Vivre jusqu’à 110 ans, en pleine forme et sans l’aide de personne ? Cela peut sembler exceptionnel, voire irréel… Et pourtant, Vincent Dransfield en est la preuve vivante. Ancien pompier volontaire, il a franchi la barre incroyable des 110 ans avec énergie et lucidité. Mais alors, quel est son secret ? Et surtout, quel est cet aliment qu’il s’est toujours interdit ?
Un supercentenaire étonnamment autonome
Vincent Dransfield n’est pas simplement un homme âgé. Il fait partie du cercle très restreint des supercentenaires. À ce jour, moins de 70 personnes dans le monde atteignent cet âge, dont seulement trois hommes de 115 ans.
Ce qui frappe le plus chez Vincent, c’est sa vitalité. Il vit toujours seul dans sa maison à trois étages, se prépare à manger et gère son quotidien sans aide extérieure. Une forme remarquable qui suscite naturellement la curiosité.
Toute une vie dédiée à sa passion
Pour lui, tout commence avec les pompiers. Vincent a été pompier bénévole pendant des décennies. Il ne se décrit pas comme un grand sportif, mais son métier lui assurait une activité physique régulière et un fort engagement social.
« J’ai rencontré tellement d’amis », confie-t-il. Après la perte de son épouse en 1992, ces liens sont devenus encore plus précieux. Ce sens de la camaraderie joue un rôle clé dans sa longévité. Et c’est confirmé par la science : rester actif, entretenir des relations sociales et se sentir utile sont autant de facteurs reconnus pour protéger le cerveau et ralentir le vieillissement.

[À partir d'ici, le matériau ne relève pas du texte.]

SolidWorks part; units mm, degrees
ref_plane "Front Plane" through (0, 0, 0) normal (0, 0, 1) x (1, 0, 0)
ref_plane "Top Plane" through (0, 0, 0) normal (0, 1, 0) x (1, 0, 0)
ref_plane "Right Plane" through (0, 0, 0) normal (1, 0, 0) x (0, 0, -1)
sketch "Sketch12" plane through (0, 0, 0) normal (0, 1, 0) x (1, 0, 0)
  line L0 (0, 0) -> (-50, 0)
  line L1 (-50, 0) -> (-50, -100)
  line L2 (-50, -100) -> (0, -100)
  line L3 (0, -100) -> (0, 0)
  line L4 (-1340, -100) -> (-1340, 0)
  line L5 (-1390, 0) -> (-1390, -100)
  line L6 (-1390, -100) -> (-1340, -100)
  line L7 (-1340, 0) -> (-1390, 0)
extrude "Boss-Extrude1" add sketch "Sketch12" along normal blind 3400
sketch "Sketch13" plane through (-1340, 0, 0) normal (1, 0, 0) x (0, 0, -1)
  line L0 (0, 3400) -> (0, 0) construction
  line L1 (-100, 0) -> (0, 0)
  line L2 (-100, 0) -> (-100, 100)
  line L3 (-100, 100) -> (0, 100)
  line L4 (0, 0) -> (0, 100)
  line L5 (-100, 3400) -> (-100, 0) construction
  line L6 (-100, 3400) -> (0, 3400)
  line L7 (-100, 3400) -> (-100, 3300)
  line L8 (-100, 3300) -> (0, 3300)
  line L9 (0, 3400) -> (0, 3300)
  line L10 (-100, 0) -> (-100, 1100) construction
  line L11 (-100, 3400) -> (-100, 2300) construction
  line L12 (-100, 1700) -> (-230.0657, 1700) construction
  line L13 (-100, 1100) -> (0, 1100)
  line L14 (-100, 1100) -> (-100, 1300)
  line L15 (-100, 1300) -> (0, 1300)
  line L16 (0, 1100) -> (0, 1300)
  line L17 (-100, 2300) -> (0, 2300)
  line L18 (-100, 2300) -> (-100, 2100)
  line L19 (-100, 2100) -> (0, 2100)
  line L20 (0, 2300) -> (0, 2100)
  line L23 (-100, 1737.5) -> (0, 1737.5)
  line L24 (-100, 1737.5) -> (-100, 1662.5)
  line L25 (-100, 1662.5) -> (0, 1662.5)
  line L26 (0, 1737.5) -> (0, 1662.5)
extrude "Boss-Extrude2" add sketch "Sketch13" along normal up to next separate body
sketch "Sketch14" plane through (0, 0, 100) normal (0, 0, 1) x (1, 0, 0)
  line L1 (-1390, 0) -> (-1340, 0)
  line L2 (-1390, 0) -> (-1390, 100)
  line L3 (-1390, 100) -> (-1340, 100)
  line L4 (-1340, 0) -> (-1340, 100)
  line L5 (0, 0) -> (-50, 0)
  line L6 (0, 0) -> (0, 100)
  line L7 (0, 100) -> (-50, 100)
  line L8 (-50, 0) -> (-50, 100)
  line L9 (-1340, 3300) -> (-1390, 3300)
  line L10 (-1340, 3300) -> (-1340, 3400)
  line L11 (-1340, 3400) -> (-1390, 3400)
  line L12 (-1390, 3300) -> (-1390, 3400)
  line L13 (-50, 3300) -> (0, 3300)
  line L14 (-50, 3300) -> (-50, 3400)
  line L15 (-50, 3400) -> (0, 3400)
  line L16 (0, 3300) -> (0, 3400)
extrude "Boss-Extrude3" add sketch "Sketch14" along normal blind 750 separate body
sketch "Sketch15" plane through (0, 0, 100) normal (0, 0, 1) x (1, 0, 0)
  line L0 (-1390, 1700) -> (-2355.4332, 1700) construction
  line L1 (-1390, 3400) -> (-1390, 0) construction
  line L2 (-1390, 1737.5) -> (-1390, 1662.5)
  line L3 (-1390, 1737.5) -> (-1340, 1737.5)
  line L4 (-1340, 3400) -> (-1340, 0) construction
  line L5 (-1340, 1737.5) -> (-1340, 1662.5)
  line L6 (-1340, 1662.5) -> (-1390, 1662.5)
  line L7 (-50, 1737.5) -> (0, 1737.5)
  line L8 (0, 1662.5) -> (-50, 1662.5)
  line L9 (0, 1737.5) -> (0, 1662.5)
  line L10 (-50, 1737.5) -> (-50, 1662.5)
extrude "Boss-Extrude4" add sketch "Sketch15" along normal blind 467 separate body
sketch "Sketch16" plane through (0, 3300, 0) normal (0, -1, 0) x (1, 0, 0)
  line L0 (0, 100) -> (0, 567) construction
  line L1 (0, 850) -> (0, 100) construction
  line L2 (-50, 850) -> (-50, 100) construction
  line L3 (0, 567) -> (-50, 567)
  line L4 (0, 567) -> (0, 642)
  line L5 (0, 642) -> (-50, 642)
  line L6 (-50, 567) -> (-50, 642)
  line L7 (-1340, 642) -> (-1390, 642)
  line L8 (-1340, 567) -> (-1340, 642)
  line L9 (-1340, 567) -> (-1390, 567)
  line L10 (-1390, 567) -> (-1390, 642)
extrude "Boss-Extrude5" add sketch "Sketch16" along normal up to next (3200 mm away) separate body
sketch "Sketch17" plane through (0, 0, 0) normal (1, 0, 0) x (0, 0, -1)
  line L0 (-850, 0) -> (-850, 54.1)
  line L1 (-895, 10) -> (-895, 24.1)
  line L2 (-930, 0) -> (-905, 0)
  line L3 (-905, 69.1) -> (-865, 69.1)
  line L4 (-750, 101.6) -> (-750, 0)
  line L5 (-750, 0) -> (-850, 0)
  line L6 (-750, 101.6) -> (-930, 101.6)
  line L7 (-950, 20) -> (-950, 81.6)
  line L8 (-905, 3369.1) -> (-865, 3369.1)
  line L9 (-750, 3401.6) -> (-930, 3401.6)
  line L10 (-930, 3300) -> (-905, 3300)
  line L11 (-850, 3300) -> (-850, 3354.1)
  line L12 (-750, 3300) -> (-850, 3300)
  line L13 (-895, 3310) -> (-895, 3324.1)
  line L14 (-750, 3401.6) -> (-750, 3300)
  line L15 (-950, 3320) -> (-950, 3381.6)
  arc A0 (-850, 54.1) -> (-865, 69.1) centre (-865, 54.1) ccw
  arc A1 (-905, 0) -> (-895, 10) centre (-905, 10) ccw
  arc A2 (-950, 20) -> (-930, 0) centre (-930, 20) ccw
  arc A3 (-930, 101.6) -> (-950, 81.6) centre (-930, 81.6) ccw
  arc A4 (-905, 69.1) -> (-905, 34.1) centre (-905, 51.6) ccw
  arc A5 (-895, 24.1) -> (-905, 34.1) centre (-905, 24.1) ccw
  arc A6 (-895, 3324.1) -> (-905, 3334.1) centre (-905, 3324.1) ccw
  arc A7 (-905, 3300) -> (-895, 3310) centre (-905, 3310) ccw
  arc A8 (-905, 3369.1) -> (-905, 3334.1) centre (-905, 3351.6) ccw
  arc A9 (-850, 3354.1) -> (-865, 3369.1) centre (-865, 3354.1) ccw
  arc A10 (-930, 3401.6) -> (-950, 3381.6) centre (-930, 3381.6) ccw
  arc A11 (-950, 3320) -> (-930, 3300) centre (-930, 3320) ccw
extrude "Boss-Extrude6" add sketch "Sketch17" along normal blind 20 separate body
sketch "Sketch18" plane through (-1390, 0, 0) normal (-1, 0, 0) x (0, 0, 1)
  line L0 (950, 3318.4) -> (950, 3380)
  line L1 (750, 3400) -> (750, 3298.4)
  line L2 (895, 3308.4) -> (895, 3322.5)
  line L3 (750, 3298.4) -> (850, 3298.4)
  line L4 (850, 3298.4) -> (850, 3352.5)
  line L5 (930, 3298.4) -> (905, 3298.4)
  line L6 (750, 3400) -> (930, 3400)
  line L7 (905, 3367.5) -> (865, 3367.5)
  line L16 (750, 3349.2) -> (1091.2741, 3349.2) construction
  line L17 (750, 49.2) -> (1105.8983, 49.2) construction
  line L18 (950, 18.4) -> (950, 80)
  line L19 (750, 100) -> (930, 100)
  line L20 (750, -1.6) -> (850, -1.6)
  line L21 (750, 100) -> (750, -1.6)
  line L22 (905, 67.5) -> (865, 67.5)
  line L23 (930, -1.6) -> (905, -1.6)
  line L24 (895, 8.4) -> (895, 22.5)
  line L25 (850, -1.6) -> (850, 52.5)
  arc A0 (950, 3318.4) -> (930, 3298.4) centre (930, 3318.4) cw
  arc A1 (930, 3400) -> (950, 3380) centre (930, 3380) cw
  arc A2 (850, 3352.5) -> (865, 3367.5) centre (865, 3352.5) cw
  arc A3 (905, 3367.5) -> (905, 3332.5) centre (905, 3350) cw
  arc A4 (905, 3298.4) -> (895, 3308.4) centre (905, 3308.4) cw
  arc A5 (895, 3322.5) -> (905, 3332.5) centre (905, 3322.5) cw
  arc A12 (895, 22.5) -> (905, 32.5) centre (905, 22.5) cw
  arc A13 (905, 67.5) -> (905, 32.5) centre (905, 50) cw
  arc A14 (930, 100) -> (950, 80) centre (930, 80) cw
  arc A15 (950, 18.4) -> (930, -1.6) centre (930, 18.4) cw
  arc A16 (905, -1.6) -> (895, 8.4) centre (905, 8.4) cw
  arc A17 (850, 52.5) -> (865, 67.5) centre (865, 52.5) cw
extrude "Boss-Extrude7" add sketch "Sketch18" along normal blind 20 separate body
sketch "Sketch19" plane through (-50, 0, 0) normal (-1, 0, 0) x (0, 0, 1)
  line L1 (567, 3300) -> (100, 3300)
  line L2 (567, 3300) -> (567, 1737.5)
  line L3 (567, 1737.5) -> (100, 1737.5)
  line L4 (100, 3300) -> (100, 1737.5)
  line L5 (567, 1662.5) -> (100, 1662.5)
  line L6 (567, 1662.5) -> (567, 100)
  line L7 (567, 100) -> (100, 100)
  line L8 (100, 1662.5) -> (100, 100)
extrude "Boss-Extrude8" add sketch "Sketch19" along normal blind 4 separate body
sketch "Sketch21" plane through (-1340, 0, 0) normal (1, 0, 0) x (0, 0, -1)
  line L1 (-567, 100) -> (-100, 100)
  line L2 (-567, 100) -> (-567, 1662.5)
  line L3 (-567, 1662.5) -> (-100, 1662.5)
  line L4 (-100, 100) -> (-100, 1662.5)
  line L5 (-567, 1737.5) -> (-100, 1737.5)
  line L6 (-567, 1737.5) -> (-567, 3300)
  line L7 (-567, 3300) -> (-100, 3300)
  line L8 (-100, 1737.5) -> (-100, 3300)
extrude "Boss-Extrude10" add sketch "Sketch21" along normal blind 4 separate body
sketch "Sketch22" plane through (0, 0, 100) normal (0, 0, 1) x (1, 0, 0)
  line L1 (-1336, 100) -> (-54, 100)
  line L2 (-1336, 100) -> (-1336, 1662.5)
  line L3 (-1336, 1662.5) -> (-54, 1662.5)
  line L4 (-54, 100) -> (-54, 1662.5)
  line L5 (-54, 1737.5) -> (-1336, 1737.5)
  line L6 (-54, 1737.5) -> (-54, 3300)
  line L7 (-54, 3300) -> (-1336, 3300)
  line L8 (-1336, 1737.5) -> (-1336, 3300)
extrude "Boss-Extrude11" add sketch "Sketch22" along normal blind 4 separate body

Une alimentation simple, mais réfléchie
Vincent n’a jamais suivi de régime strict, mais il a toujours cuisiné lui-même. Ce simple geste lui a permis de limiter les produits ultra-transformés. Pas d’additifs douteux, peu de gras cachés : il savait ce qu’il mettait dans son assiette.
Dans sa jeunesse, il travaillait à la ferme. « Je buvais du lait et je mangeais bien », se souvient-il. Ce mode de vie sain lui aurait donné une base solide pour son développement physique. Résultat ? Des os solides et une bonne santé générale dès le départ.
Malgré tout, il ne s’est jamais interdit les petits plaisirs. Il aime encore aujourd’hui un bon plat de pâtes, du chocolat, un hamburger de temps à autre… et une bière bien fraîche. Toujours dans la modération. Et c’est peut-être là le vrai équilibre.
L’élément qu’il a toujours tenu à distance
Mais alors, quel est donc le seul aliment que Vincent Dransfield a toujours évité ? Le soda.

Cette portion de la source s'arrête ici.